= Slate Islands Heritage Trust =

Scottish charitable organisation

The Slate Islands Heritage Trust is a charity formed in 1999. Its objective is advancing the education of the public on matters relating to the life and times of the people of the Scottish Slate Islands. It states its objectives are " ....to promote conservation of the built, natural and cultural heritage of the Slate Islands".

==Mission==
The Trust collects and publishes information regarding the area of the Slate Islands; it also records and researches information regarding the areas former industries as well as information relating to the architecture and sociology of the area. It also seeks to preserve and protect documents, records, artifacts in order to both preserve and protect them but also to make them available to members of the public.

The trust ensures that the majority of visitors to the village should have an understanding of the village origins and the industry that formed it. The trust also ensures that everyone in the community has access to the research and findings that informed the interpretation material, and learns something of the slate industry within the parish.

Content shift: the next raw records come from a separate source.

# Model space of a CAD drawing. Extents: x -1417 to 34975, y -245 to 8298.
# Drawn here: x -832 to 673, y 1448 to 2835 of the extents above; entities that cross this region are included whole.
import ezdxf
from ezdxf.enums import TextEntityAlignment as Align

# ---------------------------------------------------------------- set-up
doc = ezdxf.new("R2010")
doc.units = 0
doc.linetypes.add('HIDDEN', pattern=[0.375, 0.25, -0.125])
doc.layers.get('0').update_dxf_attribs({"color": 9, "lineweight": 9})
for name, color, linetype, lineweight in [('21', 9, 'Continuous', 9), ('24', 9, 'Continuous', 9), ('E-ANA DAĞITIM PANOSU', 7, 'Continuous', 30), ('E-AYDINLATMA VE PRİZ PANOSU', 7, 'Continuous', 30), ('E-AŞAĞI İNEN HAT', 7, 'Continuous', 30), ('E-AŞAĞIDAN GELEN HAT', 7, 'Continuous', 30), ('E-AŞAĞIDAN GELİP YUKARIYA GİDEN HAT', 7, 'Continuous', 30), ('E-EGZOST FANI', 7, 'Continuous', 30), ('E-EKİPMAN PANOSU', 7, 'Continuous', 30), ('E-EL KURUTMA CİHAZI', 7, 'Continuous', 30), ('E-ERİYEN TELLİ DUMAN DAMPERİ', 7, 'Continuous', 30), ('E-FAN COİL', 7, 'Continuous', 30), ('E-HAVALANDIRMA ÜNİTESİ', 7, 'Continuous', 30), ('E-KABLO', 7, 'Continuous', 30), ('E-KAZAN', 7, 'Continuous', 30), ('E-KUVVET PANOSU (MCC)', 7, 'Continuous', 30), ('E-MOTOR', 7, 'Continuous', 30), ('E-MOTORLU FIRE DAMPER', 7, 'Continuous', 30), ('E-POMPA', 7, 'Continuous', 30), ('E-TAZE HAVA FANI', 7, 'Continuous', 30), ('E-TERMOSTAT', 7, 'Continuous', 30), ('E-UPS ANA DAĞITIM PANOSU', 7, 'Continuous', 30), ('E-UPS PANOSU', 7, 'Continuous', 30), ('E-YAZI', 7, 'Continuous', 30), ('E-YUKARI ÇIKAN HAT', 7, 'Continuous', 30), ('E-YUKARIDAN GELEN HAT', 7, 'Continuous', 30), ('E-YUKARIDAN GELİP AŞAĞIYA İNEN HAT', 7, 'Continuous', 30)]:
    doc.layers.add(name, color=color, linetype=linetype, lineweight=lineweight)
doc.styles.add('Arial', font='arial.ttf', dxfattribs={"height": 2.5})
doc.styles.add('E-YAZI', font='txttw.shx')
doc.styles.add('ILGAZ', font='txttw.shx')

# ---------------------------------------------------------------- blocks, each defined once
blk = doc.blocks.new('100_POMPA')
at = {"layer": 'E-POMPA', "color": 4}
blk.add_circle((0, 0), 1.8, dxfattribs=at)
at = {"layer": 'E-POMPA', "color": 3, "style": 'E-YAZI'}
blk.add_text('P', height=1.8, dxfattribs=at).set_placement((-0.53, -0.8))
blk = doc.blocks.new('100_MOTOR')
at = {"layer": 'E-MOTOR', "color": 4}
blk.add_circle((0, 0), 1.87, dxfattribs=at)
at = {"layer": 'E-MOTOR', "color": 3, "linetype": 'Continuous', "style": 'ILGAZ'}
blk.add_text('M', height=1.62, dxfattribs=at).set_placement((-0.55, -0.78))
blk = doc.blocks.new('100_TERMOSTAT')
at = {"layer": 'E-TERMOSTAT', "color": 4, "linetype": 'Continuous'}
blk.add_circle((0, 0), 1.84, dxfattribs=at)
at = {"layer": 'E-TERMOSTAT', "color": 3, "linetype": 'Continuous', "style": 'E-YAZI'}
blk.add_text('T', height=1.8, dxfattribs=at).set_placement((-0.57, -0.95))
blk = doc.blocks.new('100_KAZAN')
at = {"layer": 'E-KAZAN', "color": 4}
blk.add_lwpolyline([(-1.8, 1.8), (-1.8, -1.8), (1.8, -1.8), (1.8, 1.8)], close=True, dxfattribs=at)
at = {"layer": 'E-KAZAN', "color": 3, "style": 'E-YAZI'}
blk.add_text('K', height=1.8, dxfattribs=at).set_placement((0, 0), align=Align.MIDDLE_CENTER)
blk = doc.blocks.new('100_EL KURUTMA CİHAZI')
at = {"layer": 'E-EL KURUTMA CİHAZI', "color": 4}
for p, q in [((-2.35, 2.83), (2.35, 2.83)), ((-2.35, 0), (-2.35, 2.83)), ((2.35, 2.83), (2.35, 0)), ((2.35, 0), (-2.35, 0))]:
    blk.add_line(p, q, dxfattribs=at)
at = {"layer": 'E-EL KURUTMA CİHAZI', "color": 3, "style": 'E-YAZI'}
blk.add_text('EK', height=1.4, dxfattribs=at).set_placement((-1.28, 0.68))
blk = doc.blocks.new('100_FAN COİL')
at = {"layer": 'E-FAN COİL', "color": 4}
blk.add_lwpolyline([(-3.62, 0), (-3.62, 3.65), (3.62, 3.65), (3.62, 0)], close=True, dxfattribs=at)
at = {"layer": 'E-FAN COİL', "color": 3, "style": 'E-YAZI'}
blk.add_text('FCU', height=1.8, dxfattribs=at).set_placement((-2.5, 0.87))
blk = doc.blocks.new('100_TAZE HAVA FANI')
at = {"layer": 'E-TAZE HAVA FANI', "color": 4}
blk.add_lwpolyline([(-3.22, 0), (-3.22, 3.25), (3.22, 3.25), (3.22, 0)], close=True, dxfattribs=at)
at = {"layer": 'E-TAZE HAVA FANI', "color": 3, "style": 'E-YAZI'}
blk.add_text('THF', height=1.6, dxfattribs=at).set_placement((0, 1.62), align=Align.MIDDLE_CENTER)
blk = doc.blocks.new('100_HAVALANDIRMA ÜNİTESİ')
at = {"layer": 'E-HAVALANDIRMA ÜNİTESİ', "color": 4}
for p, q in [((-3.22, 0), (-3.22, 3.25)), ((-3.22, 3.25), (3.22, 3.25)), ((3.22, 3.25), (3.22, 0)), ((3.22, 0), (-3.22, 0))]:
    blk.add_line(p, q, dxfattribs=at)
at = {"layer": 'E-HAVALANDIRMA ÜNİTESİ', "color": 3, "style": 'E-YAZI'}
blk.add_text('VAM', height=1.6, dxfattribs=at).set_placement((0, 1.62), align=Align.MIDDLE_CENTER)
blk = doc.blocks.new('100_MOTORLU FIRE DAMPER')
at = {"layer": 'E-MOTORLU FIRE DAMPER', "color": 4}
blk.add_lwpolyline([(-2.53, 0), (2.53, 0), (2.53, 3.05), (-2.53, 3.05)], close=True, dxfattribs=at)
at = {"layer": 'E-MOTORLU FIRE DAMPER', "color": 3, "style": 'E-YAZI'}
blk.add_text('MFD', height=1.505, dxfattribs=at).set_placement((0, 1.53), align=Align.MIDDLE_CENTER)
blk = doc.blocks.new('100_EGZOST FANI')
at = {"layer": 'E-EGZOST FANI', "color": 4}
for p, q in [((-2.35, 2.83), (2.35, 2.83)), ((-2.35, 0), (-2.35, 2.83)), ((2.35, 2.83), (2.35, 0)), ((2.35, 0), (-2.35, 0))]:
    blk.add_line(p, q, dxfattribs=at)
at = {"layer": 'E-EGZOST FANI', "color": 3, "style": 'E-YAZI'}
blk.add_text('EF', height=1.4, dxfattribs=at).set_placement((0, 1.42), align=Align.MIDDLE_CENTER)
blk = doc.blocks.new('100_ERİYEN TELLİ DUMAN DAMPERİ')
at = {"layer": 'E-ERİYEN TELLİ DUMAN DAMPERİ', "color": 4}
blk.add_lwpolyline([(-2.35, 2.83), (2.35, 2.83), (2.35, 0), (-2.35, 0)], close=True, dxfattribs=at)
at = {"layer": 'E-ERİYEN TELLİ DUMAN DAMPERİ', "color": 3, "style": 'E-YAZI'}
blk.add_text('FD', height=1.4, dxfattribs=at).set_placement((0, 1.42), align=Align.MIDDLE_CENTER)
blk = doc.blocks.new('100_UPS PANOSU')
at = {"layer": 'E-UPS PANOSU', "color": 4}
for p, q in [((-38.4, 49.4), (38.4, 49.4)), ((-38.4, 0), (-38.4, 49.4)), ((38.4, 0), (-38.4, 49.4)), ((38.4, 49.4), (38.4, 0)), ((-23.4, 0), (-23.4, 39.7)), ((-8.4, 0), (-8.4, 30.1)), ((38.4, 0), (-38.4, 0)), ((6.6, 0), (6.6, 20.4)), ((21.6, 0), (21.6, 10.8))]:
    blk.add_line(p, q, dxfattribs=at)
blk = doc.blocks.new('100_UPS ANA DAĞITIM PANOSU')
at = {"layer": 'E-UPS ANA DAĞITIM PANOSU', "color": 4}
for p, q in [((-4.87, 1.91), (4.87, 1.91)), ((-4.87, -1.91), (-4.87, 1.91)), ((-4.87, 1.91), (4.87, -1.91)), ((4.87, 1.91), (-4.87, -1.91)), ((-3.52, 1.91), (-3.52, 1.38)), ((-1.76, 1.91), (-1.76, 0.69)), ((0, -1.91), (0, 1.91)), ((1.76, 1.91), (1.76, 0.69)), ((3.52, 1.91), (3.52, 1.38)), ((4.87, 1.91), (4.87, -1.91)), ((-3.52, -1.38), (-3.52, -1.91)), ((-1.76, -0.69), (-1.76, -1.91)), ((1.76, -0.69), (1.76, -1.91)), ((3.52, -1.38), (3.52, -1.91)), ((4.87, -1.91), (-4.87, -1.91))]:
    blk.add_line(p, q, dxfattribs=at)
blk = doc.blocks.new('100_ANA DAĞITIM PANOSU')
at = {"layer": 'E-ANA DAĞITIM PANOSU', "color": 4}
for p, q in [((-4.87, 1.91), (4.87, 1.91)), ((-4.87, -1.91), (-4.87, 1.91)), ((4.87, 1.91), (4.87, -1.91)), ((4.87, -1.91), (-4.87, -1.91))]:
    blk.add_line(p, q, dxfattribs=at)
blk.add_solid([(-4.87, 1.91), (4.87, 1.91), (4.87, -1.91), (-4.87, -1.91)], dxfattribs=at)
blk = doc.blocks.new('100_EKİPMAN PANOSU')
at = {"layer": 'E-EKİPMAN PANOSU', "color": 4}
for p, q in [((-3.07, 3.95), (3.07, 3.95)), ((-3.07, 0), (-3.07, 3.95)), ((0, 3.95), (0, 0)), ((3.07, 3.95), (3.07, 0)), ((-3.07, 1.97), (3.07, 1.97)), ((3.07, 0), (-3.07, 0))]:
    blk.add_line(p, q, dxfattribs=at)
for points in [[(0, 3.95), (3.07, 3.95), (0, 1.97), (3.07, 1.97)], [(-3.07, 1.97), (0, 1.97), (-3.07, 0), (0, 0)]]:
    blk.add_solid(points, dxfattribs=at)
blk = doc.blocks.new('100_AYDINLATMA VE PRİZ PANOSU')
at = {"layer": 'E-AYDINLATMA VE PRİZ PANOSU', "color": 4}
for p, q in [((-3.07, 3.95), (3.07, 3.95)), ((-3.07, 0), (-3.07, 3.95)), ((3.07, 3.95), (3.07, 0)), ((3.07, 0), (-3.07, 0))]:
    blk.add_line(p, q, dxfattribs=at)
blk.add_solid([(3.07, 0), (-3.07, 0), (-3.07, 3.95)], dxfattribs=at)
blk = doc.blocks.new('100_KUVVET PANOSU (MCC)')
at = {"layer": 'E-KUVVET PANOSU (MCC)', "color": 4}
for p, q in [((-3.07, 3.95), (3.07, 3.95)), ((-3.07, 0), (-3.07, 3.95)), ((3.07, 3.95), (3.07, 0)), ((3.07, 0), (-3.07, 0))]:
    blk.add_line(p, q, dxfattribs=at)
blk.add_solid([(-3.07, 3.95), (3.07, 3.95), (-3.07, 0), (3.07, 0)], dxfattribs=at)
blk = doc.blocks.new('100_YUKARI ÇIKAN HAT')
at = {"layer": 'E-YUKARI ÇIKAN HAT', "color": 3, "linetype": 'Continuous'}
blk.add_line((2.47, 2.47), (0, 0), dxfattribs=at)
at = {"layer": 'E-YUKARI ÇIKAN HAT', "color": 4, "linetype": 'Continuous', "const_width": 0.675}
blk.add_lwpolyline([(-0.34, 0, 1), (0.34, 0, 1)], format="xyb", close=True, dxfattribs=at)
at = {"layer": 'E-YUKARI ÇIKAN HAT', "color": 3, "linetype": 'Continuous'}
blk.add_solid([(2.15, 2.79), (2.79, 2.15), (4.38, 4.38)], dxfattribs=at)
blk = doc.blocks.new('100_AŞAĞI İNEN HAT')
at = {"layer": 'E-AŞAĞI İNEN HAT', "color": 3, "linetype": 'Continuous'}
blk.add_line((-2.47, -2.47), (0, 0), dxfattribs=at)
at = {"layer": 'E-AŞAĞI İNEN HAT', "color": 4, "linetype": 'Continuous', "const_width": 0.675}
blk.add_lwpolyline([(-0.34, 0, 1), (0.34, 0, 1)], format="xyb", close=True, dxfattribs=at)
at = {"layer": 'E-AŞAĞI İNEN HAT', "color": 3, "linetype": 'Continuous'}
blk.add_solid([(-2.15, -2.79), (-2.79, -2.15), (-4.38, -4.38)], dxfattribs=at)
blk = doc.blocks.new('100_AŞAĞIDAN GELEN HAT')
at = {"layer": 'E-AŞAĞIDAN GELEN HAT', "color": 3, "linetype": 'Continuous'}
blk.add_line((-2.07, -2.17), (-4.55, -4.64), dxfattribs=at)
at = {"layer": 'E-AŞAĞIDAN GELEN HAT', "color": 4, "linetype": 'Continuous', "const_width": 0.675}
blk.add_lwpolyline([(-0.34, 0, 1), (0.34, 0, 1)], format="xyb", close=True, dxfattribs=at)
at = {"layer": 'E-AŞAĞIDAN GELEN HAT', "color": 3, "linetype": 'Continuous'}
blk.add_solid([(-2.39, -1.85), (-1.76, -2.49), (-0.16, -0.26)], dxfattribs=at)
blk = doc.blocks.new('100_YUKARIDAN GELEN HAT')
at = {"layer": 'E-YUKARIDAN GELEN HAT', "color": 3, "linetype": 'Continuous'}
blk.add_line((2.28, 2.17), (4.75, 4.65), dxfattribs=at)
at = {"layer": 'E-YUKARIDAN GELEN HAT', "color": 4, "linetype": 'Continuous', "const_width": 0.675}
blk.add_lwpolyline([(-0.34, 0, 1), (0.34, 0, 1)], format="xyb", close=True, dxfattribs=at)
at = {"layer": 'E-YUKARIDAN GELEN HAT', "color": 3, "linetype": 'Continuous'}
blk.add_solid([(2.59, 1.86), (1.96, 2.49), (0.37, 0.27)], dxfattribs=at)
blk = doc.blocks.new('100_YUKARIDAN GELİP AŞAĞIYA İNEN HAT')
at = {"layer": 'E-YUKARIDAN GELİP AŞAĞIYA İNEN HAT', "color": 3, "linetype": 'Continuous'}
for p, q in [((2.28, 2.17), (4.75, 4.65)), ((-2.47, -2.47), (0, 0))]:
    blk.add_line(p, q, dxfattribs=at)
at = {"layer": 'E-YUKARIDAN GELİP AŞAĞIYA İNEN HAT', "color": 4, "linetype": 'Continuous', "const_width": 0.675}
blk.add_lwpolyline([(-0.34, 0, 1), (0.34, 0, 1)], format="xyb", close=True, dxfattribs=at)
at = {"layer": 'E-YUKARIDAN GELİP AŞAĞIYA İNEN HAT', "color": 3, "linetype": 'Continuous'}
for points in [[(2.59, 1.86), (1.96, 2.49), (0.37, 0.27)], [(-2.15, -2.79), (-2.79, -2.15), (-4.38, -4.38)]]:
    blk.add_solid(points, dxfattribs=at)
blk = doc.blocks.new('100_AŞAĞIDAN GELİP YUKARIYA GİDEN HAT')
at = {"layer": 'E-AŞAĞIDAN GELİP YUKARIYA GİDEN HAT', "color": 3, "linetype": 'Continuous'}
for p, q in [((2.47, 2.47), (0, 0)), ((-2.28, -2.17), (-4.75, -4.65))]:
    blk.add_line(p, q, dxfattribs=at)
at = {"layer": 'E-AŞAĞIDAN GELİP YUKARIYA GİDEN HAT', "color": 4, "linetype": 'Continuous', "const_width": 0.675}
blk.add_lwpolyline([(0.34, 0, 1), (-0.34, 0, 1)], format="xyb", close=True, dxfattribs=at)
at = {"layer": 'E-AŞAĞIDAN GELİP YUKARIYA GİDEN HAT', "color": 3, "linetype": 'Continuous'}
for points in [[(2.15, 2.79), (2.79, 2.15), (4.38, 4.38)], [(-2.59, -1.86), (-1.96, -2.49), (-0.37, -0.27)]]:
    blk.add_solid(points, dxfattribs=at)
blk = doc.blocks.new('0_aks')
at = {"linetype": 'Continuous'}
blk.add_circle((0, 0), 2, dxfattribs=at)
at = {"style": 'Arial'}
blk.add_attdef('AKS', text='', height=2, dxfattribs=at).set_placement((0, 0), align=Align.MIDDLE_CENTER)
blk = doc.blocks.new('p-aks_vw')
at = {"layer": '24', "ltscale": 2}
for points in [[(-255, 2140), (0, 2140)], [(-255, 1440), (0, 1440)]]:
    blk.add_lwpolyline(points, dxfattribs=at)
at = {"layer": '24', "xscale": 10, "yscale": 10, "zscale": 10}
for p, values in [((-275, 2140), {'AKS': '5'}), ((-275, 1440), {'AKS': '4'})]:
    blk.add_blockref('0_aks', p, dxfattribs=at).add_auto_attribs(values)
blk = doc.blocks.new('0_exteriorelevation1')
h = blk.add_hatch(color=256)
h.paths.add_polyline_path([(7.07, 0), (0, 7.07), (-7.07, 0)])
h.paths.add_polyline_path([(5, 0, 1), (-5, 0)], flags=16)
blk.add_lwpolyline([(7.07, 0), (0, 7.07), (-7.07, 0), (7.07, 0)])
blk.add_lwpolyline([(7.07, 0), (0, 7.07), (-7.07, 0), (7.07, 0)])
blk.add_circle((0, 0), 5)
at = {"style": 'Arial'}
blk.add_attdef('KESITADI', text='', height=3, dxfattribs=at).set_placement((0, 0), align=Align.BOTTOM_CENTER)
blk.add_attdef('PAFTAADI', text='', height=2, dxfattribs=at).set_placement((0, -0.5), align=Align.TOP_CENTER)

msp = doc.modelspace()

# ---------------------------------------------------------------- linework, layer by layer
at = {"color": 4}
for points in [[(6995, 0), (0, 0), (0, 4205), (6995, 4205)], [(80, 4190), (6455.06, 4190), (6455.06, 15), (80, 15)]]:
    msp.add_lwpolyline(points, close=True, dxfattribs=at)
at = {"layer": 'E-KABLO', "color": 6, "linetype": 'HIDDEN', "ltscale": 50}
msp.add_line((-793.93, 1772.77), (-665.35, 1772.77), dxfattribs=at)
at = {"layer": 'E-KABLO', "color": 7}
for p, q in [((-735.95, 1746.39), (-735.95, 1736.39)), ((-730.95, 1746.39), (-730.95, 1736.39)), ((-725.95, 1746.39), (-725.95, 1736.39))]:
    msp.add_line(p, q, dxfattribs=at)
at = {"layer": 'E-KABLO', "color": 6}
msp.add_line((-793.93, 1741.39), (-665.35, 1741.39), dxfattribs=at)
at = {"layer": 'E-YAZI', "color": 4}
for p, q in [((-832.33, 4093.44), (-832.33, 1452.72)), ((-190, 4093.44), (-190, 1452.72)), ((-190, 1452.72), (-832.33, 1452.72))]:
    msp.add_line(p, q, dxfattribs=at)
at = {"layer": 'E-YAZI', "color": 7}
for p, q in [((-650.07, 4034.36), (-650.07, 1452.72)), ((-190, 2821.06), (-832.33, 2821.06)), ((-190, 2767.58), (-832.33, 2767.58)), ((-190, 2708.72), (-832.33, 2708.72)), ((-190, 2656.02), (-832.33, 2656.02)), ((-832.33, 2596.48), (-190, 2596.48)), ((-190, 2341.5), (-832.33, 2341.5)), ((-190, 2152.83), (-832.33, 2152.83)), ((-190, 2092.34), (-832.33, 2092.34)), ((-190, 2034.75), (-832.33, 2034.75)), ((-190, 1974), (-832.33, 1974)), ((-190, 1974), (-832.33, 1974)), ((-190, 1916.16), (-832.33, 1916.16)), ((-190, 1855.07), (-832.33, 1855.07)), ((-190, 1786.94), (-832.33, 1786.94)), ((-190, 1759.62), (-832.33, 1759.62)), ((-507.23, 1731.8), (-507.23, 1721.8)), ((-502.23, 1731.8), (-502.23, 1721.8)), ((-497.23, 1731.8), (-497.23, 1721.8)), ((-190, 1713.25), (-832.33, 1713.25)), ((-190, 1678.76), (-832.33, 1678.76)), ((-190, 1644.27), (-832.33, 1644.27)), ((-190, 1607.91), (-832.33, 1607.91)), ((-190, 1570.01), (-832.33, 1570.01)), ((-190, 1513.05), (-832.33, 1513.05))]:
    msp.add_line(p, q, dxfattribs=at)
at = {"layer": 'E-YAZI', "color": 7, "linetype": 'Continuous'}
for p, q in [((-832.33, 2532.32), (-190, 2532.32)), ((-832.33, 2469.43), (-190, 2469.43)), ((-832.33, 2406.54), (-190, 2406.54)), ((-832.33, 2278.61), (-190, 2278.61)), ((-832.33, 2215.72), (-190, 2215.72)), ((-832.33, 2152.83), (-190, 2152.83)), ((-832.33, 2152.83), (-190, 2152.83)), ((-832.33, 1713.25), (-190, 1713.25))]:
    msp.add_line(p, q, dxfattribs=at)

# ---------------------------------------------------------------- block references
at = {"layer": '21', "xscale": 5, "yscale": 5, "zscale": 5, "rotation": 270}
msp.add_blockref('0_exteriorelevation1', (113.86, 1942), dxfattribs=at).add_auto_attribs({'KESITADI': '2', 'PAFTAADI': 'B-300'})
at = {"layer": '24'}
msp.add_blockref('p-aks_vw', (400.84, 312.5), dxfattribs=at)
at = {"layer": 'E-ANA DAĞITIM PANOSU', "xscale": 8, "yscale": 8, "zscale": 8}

The Trust runs The Ellenabeich Heritage Centre in Ellenabeich, which was opened in 2000. The centre has been created in a former slate quarry-worker's cottage and has 19th century life displays, matters relating to the local dominate industry of slate quarrying as well information relating to the local flora, fauna and the area's geology. The Ellenabeich Heritage Centre is run in close association with the museum on the neighbouring island of Easdale.